> _Exercise aim_: If a line in the entries contains the word "Array", list it.

== Excerpted data ==

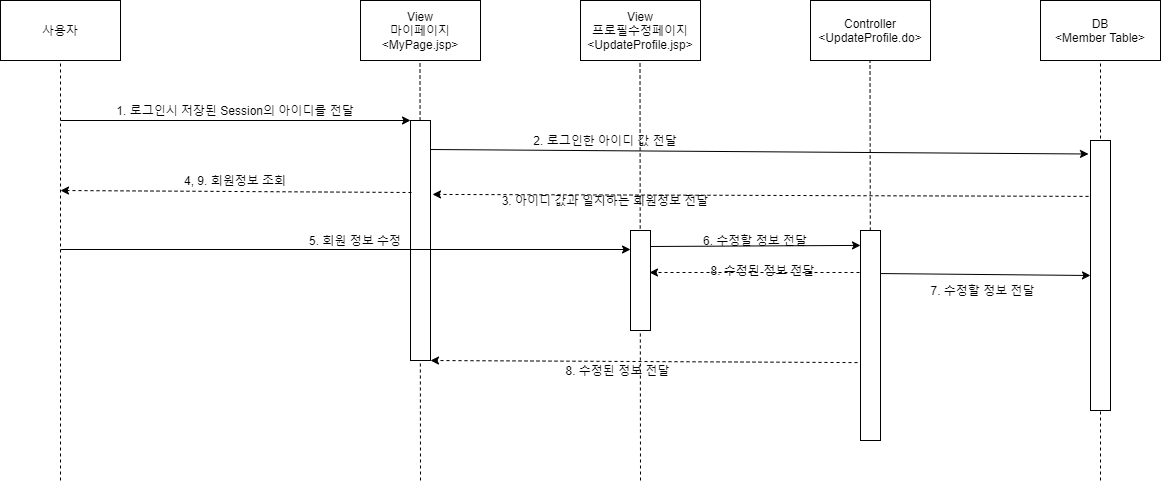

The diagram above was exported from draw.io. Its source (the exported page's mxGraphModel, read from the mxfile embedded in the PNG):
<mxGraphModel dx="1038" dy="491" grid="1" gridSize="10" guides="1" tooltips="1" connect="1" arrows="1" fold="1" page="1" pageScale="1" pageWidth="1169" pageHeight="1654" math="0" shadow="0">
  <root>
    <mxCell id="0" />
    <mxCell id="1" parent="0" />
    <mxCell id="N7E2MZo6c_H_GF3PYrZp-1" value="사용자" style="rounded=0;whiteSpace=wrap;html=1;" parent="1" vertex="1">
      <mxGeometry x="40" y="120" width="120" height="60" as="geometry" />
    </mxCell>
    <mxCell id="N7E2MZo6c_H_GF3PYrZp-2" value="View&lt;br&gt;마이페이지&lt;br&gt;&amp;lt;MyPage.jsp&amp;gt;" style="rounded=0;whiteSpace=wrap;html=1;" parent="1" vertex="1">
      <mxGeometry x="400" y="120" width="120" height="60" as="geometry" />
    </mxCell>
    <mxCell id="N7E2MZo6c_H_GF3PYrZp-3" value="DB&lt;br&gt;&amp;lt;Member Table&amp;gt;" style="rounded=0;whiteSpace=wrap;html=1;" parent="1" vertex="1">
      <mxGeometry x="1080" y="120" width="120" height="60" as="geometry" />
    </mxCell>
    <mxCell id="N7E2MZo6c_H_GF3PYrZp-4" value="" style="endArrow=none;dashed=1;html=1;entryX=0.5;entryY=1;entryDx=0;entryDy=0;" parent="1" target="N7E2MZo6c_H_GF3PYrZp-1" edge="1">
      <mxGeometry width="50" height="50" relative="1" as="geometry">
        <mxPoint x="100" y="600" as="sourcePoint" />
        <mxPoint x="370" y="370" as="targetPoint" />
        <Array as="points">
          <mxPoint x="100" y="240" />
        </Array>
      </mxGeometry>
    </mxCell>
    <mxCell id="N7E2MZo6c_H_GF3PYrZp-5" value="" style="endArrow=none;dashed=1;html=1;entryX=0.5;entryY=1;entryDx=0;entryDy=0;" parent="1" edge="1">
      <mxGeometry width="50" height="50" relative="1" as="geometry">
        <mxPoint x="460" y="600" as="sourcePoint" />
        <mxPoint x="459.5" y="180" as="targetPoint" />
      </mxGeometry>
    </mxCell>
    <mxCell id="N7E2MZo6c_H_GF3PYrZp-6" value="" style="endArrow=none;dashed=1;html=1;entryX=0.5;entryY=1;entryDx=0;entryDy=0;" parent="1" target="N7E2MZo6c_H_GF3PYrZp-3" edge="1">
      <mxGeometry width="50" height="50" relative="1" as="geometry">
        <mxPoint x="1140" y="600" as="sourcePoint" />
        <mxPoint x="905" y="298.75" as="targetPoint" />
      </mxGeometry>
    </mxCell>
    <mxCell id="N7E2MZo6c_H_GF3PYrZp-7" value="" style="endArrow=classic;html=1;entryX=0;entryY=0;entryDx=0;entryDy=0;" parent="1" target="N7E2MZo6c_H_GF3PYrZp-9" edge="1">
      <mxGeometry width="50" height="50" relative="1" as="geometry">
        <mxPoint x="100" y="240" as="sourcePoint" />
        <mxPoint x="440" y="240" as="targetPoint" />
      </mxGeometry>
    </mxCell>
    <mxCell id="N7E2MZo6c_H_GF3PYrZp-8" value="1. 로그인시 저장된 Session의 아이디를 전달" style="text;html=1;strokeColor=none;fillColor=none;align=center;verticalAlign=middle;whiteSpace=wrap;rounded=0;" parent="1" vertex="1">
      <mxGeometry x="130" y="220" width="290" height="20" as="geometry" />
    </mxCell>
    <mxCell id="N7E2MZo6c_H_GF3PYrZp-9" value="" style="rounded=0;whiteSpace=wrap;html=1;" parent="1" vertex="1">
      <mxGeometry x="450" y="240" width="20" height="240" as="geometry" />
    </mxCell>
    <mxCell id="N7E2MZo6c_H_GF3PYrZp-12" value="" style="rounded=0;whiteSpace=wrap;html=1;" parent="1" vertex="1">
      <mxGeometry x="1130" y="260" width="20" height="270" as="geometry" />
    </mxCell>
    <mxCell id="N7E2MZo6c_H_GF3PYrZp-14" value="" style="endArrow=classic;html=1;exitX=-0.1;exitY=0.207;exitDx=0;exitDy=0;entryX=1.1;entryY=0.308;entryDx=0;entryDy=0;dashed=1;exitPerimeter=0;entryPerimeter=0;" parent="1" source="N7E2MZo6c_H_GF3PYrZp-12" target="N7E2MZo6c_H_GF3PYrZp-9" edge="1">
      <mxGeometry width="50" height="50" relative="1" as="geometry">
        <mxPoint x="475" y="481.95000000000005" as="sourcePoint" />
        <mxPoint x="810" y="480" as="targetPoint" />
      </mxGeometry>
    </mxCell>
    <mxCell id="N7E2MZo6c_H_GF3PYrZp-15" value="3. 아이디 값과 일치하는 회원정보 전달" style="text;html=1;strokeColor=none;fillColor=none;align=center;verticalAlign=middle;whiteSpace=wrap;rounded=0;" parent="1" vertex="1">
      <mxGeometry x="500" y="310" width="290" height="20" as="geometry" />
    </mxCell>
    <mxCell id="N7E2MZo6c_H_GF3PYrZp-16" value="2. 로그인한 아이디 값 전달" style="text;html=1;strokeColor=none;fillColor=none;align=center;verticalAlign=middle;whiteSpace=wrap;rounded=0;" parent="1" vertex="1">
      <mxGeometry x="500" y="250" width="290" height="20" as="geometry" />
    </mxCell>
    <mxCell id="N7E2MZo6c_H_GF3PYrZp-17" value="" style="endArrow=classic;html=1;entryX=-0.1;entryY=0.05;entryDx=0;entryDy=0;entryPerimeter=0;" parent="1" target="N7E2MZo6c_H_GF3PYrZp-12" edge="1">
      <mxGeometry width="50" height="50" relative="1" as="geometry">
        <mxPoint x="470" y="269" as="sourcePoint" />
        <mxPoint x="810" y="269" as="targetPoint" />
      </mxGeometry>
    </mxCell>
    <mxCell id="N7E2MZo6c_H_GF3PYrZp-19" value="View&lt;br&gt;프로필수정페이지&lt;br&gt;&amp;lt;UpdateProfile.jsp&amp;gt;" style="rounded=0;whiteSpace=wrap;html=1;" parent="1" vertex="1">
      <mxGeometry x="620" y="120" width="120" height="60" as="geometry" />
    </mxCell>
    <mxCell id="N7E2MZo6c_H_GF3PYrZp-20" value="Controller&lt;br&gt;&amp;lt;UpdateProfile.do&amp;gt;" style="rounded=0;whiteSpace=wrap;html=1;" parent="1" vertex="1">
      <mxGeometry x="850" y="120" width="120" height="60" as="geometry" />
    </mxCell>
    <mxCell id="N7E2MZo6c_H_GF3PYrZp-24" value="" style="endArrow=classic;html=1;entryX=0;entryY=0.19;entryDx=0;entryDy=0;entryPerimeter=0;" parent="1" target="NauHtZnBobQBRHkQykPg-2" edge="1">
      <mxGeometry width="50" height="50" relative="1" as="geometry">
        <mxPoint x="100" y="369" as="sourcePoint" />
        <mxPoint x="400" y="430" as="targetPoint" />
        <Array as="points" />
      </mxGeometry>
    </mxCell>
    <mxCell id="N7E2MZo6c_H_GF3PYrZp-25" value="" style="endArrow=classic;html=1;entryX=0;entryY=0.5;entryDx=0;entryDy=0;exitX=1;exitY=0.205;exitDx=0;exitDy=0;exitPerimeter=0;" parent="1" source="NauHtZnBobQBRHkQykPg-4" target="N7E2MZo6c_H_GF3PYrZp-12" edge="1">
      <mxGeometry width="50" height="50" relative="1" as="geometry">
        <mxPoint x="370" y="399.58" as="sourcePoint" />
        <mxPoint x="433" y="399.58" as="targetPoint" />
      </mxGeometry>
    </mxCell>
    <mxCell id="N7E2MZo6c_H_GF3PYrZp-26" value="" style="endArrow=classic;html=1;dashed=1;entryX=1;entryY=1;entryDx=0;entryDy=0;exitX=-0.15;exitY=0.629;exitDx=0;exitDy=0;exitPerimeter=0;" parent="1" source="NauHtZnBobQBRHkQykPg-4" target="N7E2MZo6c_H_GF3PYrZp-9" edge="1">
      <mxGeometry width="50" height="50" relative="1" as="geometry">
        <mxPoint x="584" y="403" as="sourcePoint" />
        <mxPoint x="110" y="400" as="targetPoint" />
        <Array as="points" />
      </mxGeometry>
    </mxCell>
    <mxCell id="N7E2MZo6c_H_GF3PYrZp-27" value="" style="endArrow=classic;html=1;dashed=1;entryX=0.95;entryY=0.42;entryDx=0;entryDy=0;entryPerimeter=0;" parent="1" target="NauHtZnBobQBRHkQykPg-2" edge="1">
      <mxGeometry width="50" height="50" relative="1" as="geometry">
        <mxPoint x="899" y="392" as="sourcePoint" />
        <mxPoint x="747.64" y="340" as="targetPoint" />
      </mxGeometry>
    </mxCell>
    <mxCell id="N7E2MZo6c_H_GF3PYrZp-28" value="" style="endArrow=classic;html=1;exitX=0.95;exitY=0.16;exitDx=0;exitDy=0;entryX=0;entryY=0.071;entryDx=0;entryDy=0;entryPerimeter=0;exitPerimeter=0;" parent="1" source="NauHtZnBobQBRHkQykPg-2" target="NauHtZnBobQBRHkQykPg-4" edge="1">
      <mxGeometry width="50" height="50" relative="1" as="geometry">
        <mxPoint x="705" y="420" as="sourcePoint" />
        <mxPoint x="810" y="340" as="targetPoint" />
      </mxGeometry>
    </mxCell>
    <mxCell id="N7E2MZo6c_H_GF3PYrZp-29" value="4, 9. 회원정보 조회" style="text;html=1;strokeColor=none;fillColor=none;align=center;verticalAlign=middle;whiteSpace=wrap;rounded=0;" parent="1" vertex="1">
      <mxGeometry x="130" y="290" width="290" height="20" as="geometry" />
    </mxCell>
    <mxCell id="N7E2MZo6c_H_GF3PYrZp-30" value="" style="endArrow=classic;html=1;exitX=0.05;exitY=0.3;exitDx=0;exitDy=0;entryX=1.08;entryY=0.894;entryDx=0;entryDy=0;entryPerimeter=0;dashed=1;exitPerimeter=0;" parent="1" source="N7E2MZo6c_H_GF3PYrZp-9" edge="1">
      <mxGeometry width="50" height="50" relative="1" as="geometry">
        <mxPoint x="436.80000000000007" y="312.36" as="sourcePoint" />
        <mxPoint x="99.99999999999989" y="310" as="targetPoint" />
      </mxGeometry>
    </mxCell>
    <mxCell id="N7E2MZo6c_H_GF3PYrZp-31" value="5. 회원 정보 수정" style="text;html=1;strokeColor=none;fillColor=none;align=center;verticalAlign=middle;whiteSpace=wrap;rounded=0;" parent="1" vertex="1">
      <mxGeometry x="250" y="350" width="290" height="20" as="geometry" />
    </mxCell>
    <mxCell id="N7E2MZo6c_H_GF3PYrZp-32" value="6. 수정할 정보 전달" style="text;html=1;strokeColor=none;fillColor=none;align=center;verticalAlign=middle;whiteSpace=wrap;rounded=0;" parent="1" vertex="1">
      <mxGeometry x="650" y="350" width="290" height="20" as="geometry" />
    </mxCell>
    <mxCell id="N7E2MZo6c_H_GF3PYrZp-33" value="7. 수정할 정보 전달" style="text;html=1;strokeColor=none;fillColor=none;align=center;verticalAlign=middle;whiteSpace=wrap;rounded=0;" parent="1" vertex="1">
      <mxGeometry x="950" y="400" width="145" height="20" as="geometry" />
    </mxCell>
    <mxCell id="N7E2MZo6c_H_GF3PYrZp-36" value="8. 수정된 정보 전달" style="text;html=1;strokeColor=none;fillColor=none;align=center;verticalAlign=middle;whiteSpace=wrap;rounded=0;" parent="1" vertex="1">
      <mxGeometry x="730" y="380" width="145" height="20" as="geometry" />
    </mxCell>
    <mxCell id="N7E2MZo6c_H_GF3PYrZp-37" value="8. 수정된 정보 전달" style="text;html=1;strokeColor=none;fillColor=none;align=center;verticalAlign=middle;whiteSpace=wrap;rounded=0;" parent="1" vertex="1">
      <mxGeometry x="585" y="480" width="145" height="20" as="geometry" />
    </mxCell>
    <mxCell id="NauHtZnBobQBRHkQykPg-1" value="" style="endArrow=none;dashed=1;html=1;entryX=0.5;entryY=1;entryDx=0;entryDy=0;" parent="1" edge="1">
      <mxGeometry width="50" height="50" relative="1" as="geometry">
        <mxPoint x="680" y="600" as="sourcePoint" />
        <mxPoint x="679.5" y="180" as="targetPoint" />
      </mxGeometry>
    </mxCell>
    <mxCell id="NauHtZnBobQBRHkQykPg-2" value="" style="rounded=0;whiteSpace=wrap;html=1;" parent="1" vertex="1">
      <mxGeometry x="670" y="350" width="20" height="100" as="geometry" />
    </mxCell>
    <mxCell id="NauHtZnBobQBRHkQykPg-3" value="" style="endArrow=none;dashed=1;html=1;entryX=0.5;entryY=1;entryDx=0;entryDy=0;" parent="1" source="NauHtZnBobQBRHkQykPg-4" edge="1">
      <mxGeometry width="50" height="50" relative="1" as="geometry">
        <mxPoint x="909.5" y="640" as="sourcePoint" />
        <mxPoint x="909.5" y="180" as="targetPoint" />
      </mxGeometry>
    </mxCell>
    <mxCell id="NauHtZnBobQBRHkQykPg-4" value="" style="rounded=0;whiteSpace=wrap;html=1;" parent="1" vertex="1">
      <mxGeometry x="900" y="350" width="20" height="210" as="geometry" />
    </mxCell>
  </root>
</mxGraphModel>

===

> _Solution_:
        <Array as="points">
        </Array>
        <Array as="points" />
        <Array as="points" />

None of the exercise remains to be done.